EfficientNetB0 experienced complete training failure with 30.89%
test accuracy, performing worse than random classification. The model achieved zero precision and recall, consistently predicting only the "notumor" class regardless of input. This failure highlights the critical importance of base model selection in transfer learning applications and demonstrates that architectural efficiency does not guarantee task suitability.

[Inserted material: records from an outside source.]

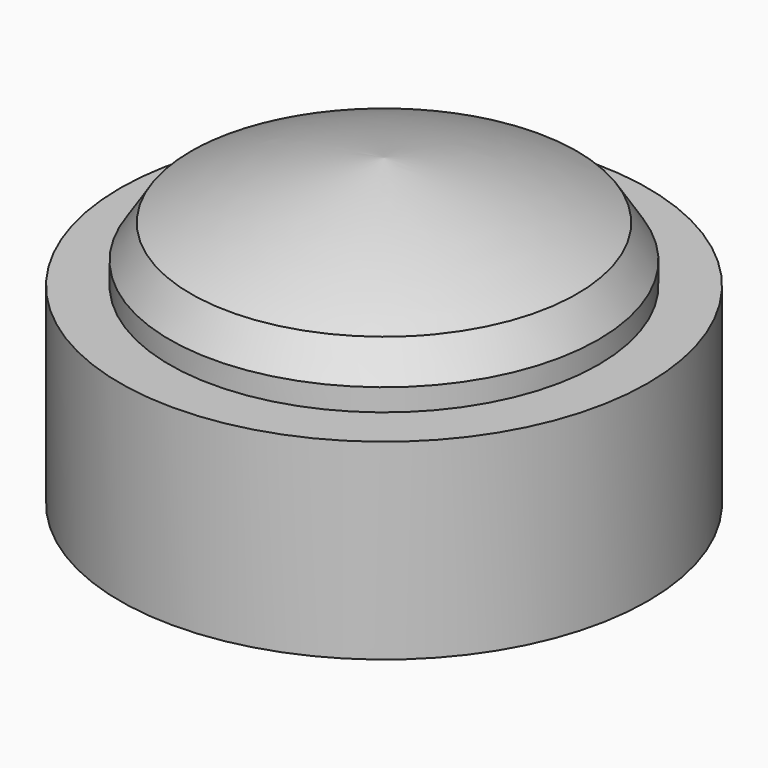
from build123d import *

# Parameters (mm, degrees)
F0_R        = 11.7
F0_R_2      = 10.5
F1_DEPTH    = 8.5
F2_DEPTH    = 7.5
F3_R        = 9.5
F4_DEPTH    = 2
F7_T2_ANGLE = 180
F7_T4_ANGLE = 180


# Not quite as in the source:
# - a fillet or chamfer that OpenCascade refuses, or shapes differently, is made with other operations: its cross-section is extruded or revolved along the edge and cut away or added
# - a feature names something its author has since deleted; it is built from what else it names


with BuildPart() as f1:
    # F0 (on Top) → F1 (new body)
    with BuildSketch(Plane.XY):
        Circle(F0_R)
        Circle(F0_R_2, mode=Mode.SUBTRACT)
        Circle(F0_R_2)
    extrude(amount=F1_DEPTH)

    # F0 (on Top) → F2 (cut)
    with BuildSketch(Plane.XY):
        Circle(F0_R_2)
    extrude(amount=F2_DEPTH, mode=Mode.SUBTRACT)

    # F3 (on face) → F4 (join)
    with BuildSketch(Plane.XY.offset(8.5)):
        Circle(F3_R)
    extrude(amount=F4_DEPTH)

    # F5 (on Front) → F6 (revolve)
    with BuildSketch(Plane.XZ):
        with BuildLine():
            Line((-9.5, 10.5), (0, 10.5))
            Line((0, 10.5), (0, 13.5))
            ThreePointArc((0, 13.5), (-4.8754462608, 12.3972464927), (-9.5, 10.5))
        make_face()
    revolve(axis=Axis((0, 0, 12.3332124203), (0, 0, 1)))

    # F7: chamfer of 1 on 2 edges, made by hand

    # F7_s1 → F7_t2 (revolve, cut)
    with BuildSketch(Plane.XZ):
        with BuildLine():
            Line((-9.5214673898, 9.4467860572), (-8.5368878452, 10.9947550164))
            Line((-8.5368878452, 10.9947550164), (-8.5453666245, 11.0128688316))
            ThreePointArc((-8.5453666245, 11.0128688316), (-9.0246542065, 10.7600809063), (-9.5091067674, 10.5178063693))
            Line((-9.5091067674, 10.5178063693), (-9.52, 10.5))
            ThreePointArc((-9.52, 10.5), (-9.52, 9.9733930286), (-9.5414673898, 9.4467860572))
            Line((-9.5414673898, 9.4467860572), (-9.5214673898, 9.4467860572))
        make_face()
    revolve(axis=Axis((0, 0, 10.5), (0, 0, 1)), revolution_arc=F7_T2_ANGLE, mode=Mode.SUBTRACT)

    # F7_s3 → F7_t4 (revolve, cut)
    with BuildSketch(Plane.XZ):
        with BuildLine():
            Line((9.5214673898, 9.4467860572), (8.5368878452, 10.9947550164))
            Line((8.5368878452, 10.9947550164), (8.5453666245, 11.0128688316))
            ThreePointArc((8.5453666245, 11.0128688316), (9.0246542065, 10.7600809063), (9.5091067674, 10.5178063693))
            Line((9.5091067674, 10.5178063693), (9.52, 10.5))
            ThreePointArc((9.52, 10.5), (9.52, 9.9733930286), (9.5414673898, 9.4467860572))
            Line((9.5414673898, 9.4467860572), (9.5214673898, 9.4467860572))
        make_face()
    revolve(axis=Axis((0, 0, 10.5), (0, 0, 1)), revolution_arc=F7_T4_ANGLE, mode=Mode.SUBTRACT)


solid = f1.part
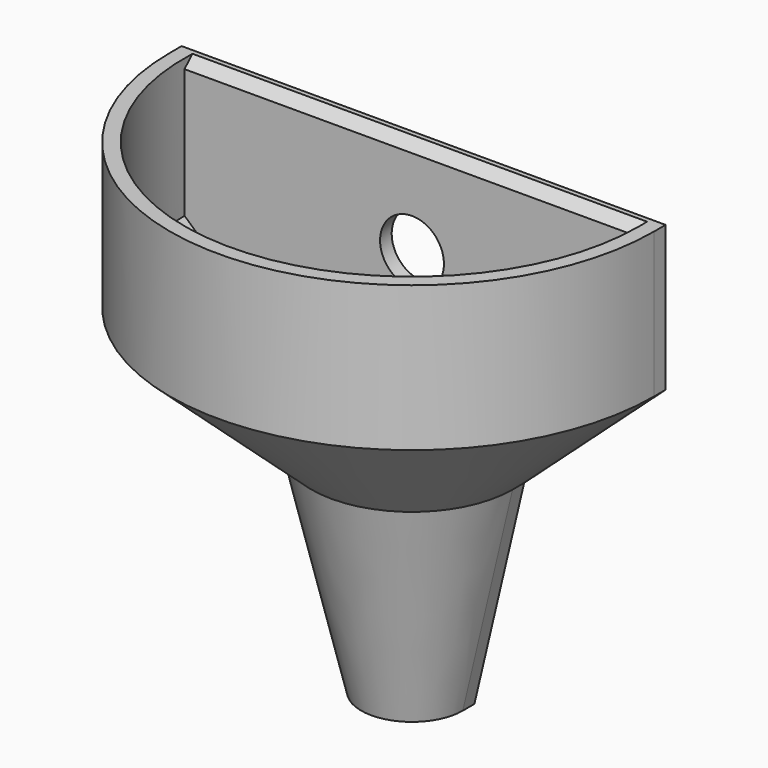
from build123d import *

# Parameters (mm, degrees)
F2_W        = 80.1923088729
F2_H        = 33.5576944053
F3_DEPTH    = 69.4
F5_DEPTH    = 1.5
F6_R        = 3.3
F7_DEPTH    = 3
F8_T4_DEPTH = 52.1433659759
F8_S5_R     = 23.5
F8_T6_DEPTH = 28


# Not quite as in the source:
# - a fillet or chamfer that OpenCascade refuses, or shapes differently, is made with other operations: its cross-section is extruded or revolved along the edge and cut away or added


with BuildPart() as f1:
    # F0 (on Front) → F1 (revolve)
    with BuildSketch(Plane.XZ):
        Polygon((-23.5, 35.6656860253), (-23.5, 48.5), (-23.5, 50), (-25, 50), (-25, 35), (-10.384612577, 21.7765538924), (-5.247530064, 0), (-3.5904949309, 0), (-8.884612577, 22.4422399178), align=None)
    revolve(axis=Axis((0, 0, 32.1634635329), (0, 0, 1)))

    # F2 (on Top) → F3 (cut)
    with BuildSketch(Plane.XY):
        with Locations((8.9423079044, 16.7788472027)):
            Rectangle(F2_W, F2_H)
    extrude(amount=F3_DEPTH, mode=Mode.SUBTRACT)

    # F4 (on face) → F5 (join)
    with BuildSketch(Plane(origin=(0, 0, 0), x_dir=(-1, 0, 0), z_dir=(0, 1, 0))):
        Polygon((25, 50), (-25, 50), (-25, 35), (-10.384612577, 21.7765538924), (-5.247530064, 0), (5.247530064, 0), (10.384612577, 21.7765538924), (25, 35), align=None)
    extrude(amount=F5_DEPTH)

    # F6 (on face) → F7 (cut)
    with BuildSketch(Plane(origin=(0, 1.5, 0), x_dir=(-1, 0, 0), z_dir=(0, 1, 0))):
        with Locations((0, 40)):
            Circle(F6_R)
        with Locations((0, 10)):
            Circle(F6_R)
    extrude(amount=-F7_DEPTH, mode=Mode.SUBTRACT)

    # F8: chamfer of 1 on 1 edges, made by hand


with BuildPart() as f8_tool2:
    # F8_s3 → F8_t4 (new body)
    with BuildSketch(Plane.YZ.offset(-26.071682988)):
        Polygon((0, 49), (1, 50), (0, 50), align=None)
    extrude(amount=F8_T4_DEPTH)

    # F8_s5 → F8_t6 (intersect, symmetric)
    with BuildSketch(Plane.XY.offset(49.5)):
        Circle(F8_S5_R)
    extrude(amount=F8_T6_DEPTH, both=True, mode=Mode.INTERSECT)


with BuildPart() as f1_1:
    add(f1.part)

    # F8_t1: cut F8_tool2
    add(f8_tool2.part, mode=Mode.SUBTRACT)


solid = f1_1.part
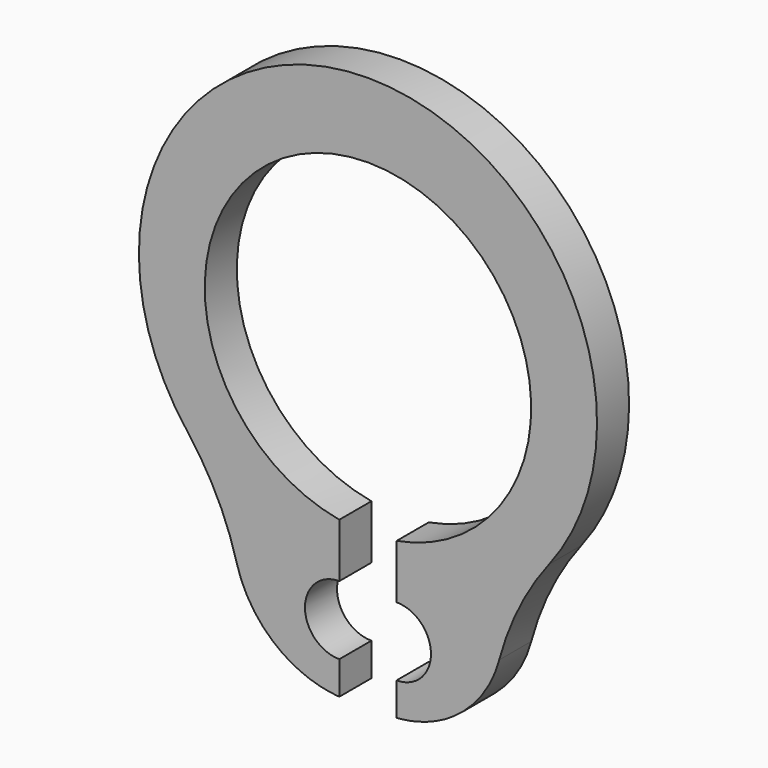
from build123d import *

# Parameters (mm, degrees)
F1_DEPTH    = 0.35
F2_T1_DEPTH = 0.7
F3_R        = 2


# Not quite as in the source:
# - a fillet or chamfer that OpenCascade refuses, or shapes differently, is made with other operations: its cross-section is extruded or revolved along the edge and cut away or added


with BuildPart() as f1:
    # F0 (on Front) → F1 (new body, symmetric)
    with BuildSketch(Plane.XZ):
        with BuildLine():
            ThreePointArc((-0.5, -2.8057975693), (0, 2.85), (0.5, -2.8057975693))
            Line((0.5, -2.8057975693), (0.5, -3.75))
            ThreePointArc((0.5, -3.75), (1.1, -4.35), (0.5, -4.95))
            Line((0.5, -4.95), (0.5, -5.5274315916))
            ThreePointArc((0.5, -5.5274315916), (1.3270959738, -5.3889995617), (2.1238930496, -5.1275314054))
            Line((2.1238930496, -5.1275314054), (1.4775430927, -3.5671045734))
            ThreePointArc((1.4775430927, -3.5671045734), (0, 4.15), (-1.4775430927, -3.5671045734))
            Line((-1.4775430927, -3.5671045734), (-2.1238930496, -5.1275314054))
            ThreePointArc((-2.1238930496, -5.1275314054), (-1.3270959738, -5.3889995617), (-0.5, -5.5274315916))
            Line((-0.5, -5.5274315916), (-0.5, -4.95))
            ThreePointArc((-0.5, -4.95), (-1.1, -4.35), (-0.5, -3.75))
            Line((-0.5, -3.75), (-0.5, -2.8057975693))
        make_face()
    extrude(amount=F1_DEPTH, both=True)

    # F2: fillet of radius 5 on 2 edges, made by hand

    # F2_s2 → F2_t1 (join)
    with BuildSketch(Plane.XZ.offset(-0.35)):
        with BuildLine():
            ThreePointArc((3.163836873, -2.2974754832), (2.4254620947, -3.6322482415), (2.1238930496, -5.1275314054))
            Line((2.1238930496, -5.1275314054), (1.4775430927, -3.5671045734))
            ThreePointArc((1.4775430927, -3.5671045734), (2.4059491896, -3.0455294549), (3.163836873, -2.2974754832))
        make_face()
        with BuildLine():
            ThreePointArc((-2.1238930496, -5.1275314054), (-2.4254620947, -3.6322482415), (-3.163836873, -2.2974754832))
            ThreePointArc((-3.163836873, -2.2974754832), (-2.4059491896, -3.0455294549), (-1.4775430927, -3.5671045734))
            Line((-1.4775430927, -3.5671045734), (-2.1238930496, -5.1275314054))
        make_face()
    extrude(amount=F2_T1_DEPTH)

    # F3
    f3_edges = [f1.edges().sort_by_distance(p)[0] for p in [
        (-2.123893, 0, -5.127531),
        (2.123893, 0, -5.127531),
    ]]
    fillet(f3_edges, radius=F3_R)


solid = f1.part
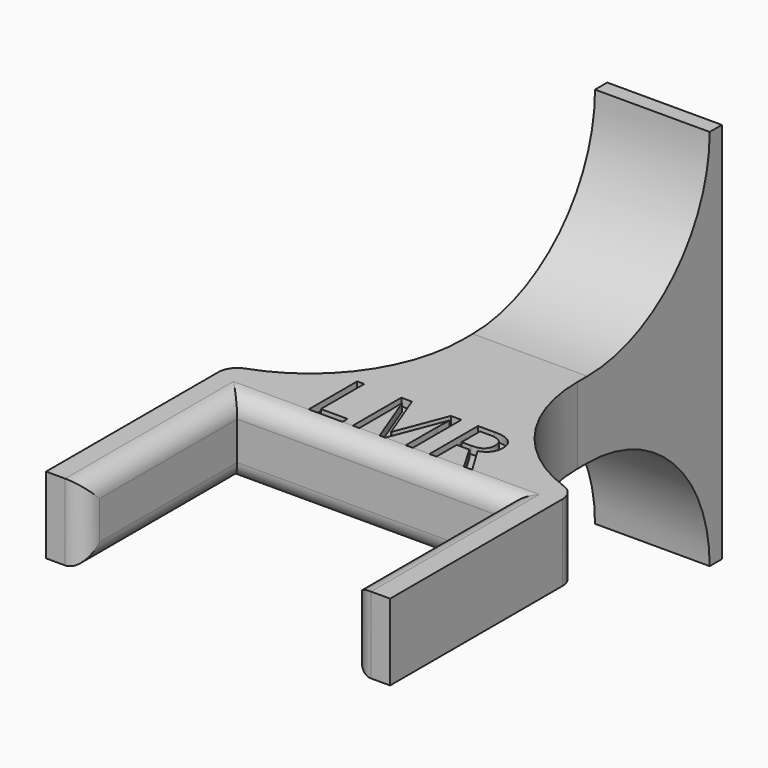
from build123d import *

# Parameters (mm, degrees)
F0_W         = 15
F0_H         = 41
F0_W_2       = 5
F0_H_2       = 25
F1_DEPTH     = 5
F0_H_3       = 2
F2_DEPTH     = 25
F3_T1_DEPTH  = 15
F3_T3_DEPTH  = 10
F4_R         = 2.5
F5_TEXT_SIZE = 11.1111111111
F6_DEPTH     = 1


# Not quite as in the source:
# - a fillet or chamfer that OpenCascade refuses, or shapes differently, is made with other operations: its cross-section is extruded or revolved along the edge and cut away or added
# - Text() gives the source's letters only with a copy of the font that has no kerning and outlines rounded to 1/6400 em; it was checked with that copy


with BuildPart() as f1:
    # F0 (on Top) → F1 (new body, symmetric)
    with BuildSketch(Plane.XY):
        with Locations((0, 38)):
            Rectangle(F0_W, F0_H)
        Polygon((-22.5, 12.5), (-17.5, 12.5), (17.5, 12.5), (22.5, 12.5), (22.5, 17.5), (7.5, 17.5), (-7.5, 17.5), (-22.5, 17.5), align=None)
        with Locations((20, 0)):
            Rectangle(F0_W_2, F0_H_2)
        with Locations((-20, 0)):
            Rectangle(F0_W_2, F0_H_2)
    extrude(amount=F1_DEPTH, both=True)

    # F0 (on Top) → F2 (join, symmetric)
    with BuildSketch(Plane.XY):
        with Locations((0, 59.5)):
            Rectangle(F0_W, F0_H_3)
    extrude(amount=F2_DEPTH, both=True)

    # F3: fillet of radius 20 on 4 edges, made by hand

    # F3_s2 → F3_t1 (join)
    with BuildSketch(Plane.YZ.offset(-7.5)):
        with BuildLine():
            ThreePointArc((58.5, 25), (52.6421356237, 10.8578643763), (38.5, 5))
            Line((38.5, 5), (58.5, 5))
            Line((58.5, 5), (58.5, 25))
        make_face()
        with BuildLine():
            ThreePointArc((58.5, -25), (52.6421356237, -10.8578643763), (38.5, -5))
            Line((38.5, -5), (58.5, -5))
            Line((58.5, -5), (58.5, -25))
        make_face()
    extrude(amount=F3_T1_DEPTH)

    # F3_s4 → F3_t3 (join)
    with BuildSketch(Plane.XY.offset(-5)):
        with BuildLine():
            ThreePointArc((7.5, 36.864916731), (11.6886116992, 24.6174680171), (22.5, 17.5))
            Line((22.5, 17.5), (7.5, 17.5))
            Line((7.5, 17.5), (7.5, 36.864916731))
        make_face()
        with BuildLine():
            ThreePointArc((-7.5, 36.864916731), (-11.6886116992, 24.6174680171), (-22.5, 17.5))
            Line((-22.5, 17.5), (-7.5, 17.5))
            Line((-7.5, 17.5), (-7.5, 36.864916731))
        make_face()
    extrude(amount=F3_T3_DEPTH)

    # F4
    f4_edges = [f1.edges().sort_by_distance(p)[0] for p in [
        (17.5, -12.5, 0),
        (-17.5, -12.5, 0),
        (22.5, 17.5, 0),
        (-22.5, 17.5, 0),
        (-17.5, 0, -5),
        (-17.5, 0, 5),
        (17.5, 0, -5),
        (17.5, 0, 5),
        (0, 12.5, 5),
        (0, 12.5, -5),
    ]]
    fillet(f4_edges, radius=F4_R)

    # F5 (on face) → F6 (cut)
    with BuildSketch(Plane.XY.offset(5)):
        with Locations((-11.2387152778, 15)):
            Text('LMR', F5_TEXT_SIZE, font='Open Sans', text_align=(TextAlign.LEFT, TextAlign.BOTTOM))
    extrude(amount=-F6_DEPTH, mode=Mode.SUBTRACT)


solid = f1.part
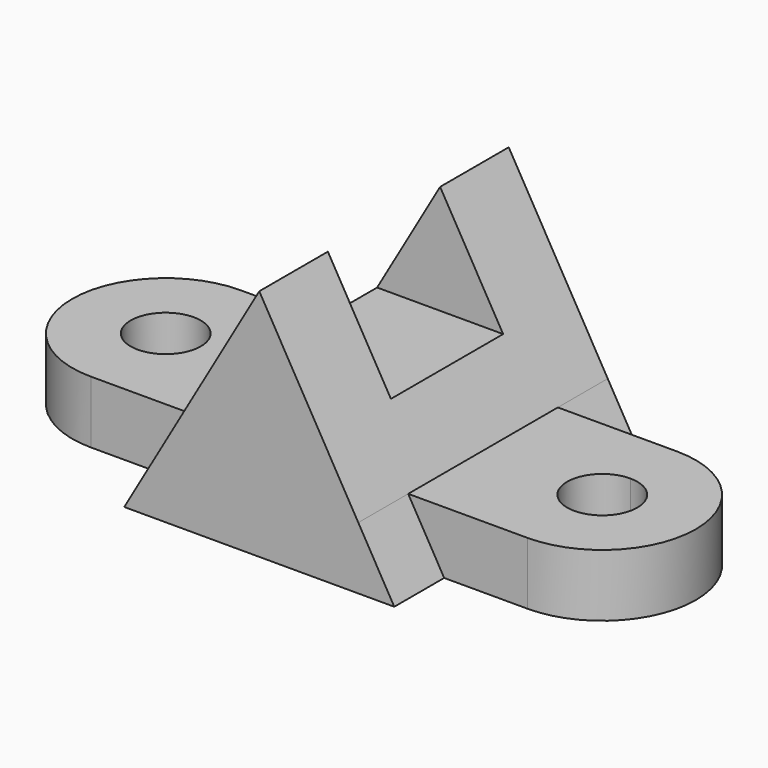
from build123d import *

# Parameters (mm, degrees)
F1_DEPTH = 31.75
F2_DEPTH = 19.05
F5_DEPTH = 12.7
F6_DEPTH = 25.4
F7_DEPTH = 25.4
F8_W     = 40.1893556118
F8_H     = 22.225
F8_W_2   = 32.2620980442
F9_DEPTH = 14.2875


with BuildPart() as f1:
    # F0 (on Front) → F1 (new body, symmetric)
    with BuildSketch(Plane.XZ):
        Polygon((0, 47.625), (0, 12.7), (20.1639581514, 12.7), align=None)
        Polygon((-27.4963065702, 0), (0, 0), (0, 12.7), (-20.1639581514, 12.7), align=None)
        Polygon((0, 12.7), (0, 0), (27.4963065702, 0), (20.1639581514, 12.7), align=None)
        Polygon((-20.1639581514, 12.7), (0, 12.7), (0, 47.625), align=None)
    extrude(amount=F1_DEPTH, both=True)

    # F0 (on Front) → F2 (join, symmetric)
    with BuildSketch(Plane.XZ):
        Polygon((-27.4963065702, 0), (0, 0), (0, 12.7), (-20.1639581514, 12.7), align=None)
        Polygon((0, 12.7), (0, 0), (27.4963065702, 0), (20.1639581514, 12.7), align=None)
        Polygon((-20.1639581514, 12.7), (0, 12.7), (0, 47.625), align=None)
        Polygon((0, 47.625), (0, 12.7), (20.1639581514, 12.7), align=None)
        Polygon((-44.45, 0), (-27.4963065702, 0), (-20.1639581514, 12.7), (-44.45, 12.7), align=None)
        Polygon((20.1639581514, 12.7), (27.4963065702, 0), (44.45, 0), (44.45, 12.7), align=None)
    extrude(amount=F2_DEPTH, both=True)

    # F4 (on face) + F3 (on face) → F5 (join, through all)
    with BuildSketch(Plane.XY.offset(12.7)):
        with BuildLine():
            ThreePointArc((44.45, -19.05), (57.9203841816, -13.4703841816), (63.5, 0))
            ThreePointArc((63.5, 0), (57.9203841816, 13.4703841816), (44.45, 19.05))
            Line((44.45, 19.05), (44.45, 7.14375))
            ThreePointArc((44.45, 7.14375), (49.5013940681, 5.0513940681), (51.59375, 0))
            ThreePointArc((51.59375, 0), (49.5013940681, -5.0513940681), (44.45, -7.14375))
            Line((44.45, -7.14375), (44.45, -19.05))
        make_face()
        with BuildLine():
            Line((44.45, 7.14375), (44.45, 19.05))
            ThreePointArc((44.45, 19.05), (25.4, 0), (44.45, -19.05))
            Line((44.45, -19.05), (44.45, -7.14375))
            ThreePointArc((44.45, -7.14375), (37.30625, 0), (44.45, 7.14375))
        make_face()
    with BuildSketch(Plane.XY.offset(12.7)):
        with BuildLine():
            ThreePointArc((-44.45, -19.05), (-30.9796158184, -13.4703841816), (-25.4, 0))
            ThreePointArc((-25.4, 0), (-30.9796158184, 13.4703841816), (-44.45, 19.05))
            Line((-44.45, 19.05), (-44.45, 7.14375))
            ThreePointArc((-44.45, 7.14375), (-39.3986059319, 5.0513940681), (-37.30625, 0))
            ThreePointArc((-37.30625, 0), (-39.3986059319, -5.0513940681), (-44.45, -7.14375))
            Line((-44.45, -7.14375), (-44.45, -19.05))
        make_face()
        with BuildLine():
            Line((-44.45, 7.14375), (-44.45, 19.05))
            ThreePointArc((-44.45, 19.05), (-63.5, 0), (-44.45, -19.05))
            Line((-44.45, -19.05), (-44.45, -7.14375))
            ThreePointArc((-44.45, -7.14375), (-51.59375, 0), (-44.45, 7.14375))
        make_face()
    extrude(amount=-F5_DEPTH)

    # F3 (on face) → F6 (cut)
    with BuildSketch(Plane.XY.offset(12.7)):
        with BuildLine():
            ThreePointArc((-37.30625, 0), (-39.3986059319, 5.0513940681), (-44.45, 7.14375))
            Line((-44.45, 7.14375), (-44.45, -7.14375))
            ThreePointArc((-44.45, -7.14375), (-39.3986059319, -5.0513940681), (-37.30625, 0))
        make_face()
        with BuildLine():
            Line((-44.45, -7.14375), (-44.45, 7.14375))
            ThreePointArc((-44.45, 7.14375), (-51.59375, 0), (-44.45, -7.14375))
        make_face()
    extrude(amount=-F6_DEPTH, mode=Mode.SUBTRACT)

    # F4 (on face) → F7 (cut)
    with BuildSketch(Plane.XY.offset(12.7)):
        with BuildLine():
            Line((44.45, -7.14375), (44.45, 7.14375))
            ThreePointArc((44.45, 7.14375), (37.30625, 0), (44.45, -7.14375))
        make_face()
    extrude(amount=-F7_DEPTH, mode=Mode.SUBTRACT)

    # F8 (on Front) → F9 (cut, symmetric)
    with BuildSketch(Plane.XZ):
        with Locations((-20.0946778059, 36.5125)):
            Rectangle(F8_W, F8_H)
        with Locations((16.1310490221, 36.5125)):
            Rectangle(F8_W_2, F8_H)
    extrude(amount=F9_DEPTH, both=True, mode=Mode.SUBTRACT)


solid = f1.part

The comparative analysis reveals that model architecture significantly impacts transfer learning effectiveness for medical imaging tasks. Xception's superior performance across all metrics establishes it as the optimal choice, while EfficientNetB0's failure provides valuable insights into the limitations of assuming universal model applicability.
Consideration
While Xception demonstrated superior performance in this experiment, it is important to note that with additional hyperparameter tuning, architecture modifications, and training optimisation, both MobileNetV2 and EfficientNetB0 could potentially achieve comparable results.
Each pretrained backbone offers unique strengths, MobileNetV2 for its computational efficiency, EfficientNetB0 for its compound scaling strategy, and Xception for its use of depthwise separable convolutions. These characteristics can be further leveraged through targeted optimisation techniques tailored to each model.